> What this task involves
Examine the entries and show every line in which the word "sides" is found.

> Task data
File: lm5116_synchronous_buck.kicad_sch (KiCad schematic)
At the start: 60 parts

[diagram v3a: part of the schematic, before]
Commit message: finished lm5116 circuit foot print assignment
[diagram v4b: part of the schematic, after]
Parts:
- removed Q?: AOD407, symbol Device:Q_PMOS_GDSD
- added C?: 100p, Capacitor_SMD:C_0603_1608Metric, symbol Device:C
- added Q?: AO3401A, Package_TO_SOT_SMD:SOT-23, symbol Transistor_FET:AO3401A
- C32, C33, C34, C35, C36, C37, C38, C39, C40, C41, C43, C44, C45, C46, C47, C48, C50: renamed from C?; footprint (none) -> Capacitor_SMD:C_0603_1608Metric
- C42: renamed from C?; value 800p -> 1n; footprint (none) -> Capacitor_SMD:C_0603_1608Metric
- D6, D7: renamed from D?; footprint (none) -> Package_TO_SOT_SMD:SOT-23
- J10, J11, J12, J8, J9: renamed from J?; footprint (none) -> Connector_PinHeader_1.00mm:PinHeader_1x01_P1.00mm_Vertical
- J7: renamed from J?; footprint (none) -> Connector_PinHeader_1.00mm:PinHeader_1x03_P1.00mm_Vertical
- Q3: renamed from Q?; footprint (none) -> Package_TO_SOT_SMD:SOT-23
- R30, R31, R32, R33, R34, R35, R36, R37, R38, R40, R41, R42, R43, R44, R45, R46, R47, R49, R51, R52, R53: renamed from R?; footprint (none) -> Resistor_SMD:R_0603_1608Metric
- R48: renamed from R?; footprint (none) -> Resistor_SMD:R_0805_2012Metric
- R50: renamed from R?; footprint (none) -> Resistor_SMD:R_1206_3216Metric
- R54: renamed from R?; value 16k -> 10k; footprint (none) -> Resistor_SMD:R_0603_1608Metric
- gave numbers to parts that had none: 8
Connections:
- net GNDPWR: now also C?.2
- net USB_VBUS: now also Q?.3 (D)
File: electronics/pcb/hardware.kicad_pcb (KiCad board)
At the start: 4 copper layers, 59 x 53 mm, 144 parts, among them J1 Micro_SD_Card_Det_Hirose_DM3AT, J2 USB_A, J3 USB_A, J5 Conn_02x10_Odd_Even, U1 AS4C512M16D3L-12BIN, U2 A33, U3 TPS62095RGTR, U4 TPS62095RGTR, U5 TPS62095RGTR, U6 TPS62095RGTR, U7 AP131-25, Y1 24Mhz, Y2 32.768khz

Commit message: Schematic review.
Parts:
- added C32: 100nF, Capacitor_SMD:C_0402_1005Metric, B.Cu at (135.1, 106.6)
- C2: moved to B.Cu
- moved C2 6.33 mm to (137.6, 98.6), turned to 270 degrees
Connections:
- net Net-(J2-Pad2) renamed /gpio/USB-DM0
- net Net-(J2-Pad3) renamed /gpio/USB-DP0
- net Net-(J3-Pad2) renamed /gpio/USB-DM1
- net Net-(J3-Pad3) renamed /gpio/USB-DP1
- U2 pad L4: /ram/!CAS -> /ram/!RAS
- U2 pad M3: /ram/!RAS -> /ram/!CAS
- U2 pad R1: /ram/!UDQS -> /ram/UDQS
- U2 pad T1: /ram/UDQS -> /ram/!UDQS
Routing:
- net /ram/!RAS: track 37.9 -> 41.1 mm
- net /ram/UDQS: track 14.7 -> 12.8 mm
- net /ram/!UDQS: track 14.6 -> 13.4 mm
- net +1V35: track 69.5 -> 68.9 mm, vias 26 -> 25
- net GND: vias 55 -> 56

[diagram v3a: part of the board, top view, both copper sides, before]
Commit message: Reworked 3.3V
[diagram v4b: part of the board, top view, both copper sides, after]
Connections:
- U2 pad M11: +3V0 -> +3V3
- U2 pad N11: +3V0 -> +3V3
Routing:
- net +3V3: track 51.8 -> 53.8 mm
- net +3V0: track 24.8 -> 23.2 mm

> Exercise solution
[diagram v3a: part of the board, top view, both copper sides, before]
[diagram v4b: part of the board, top view, both copper sides, after]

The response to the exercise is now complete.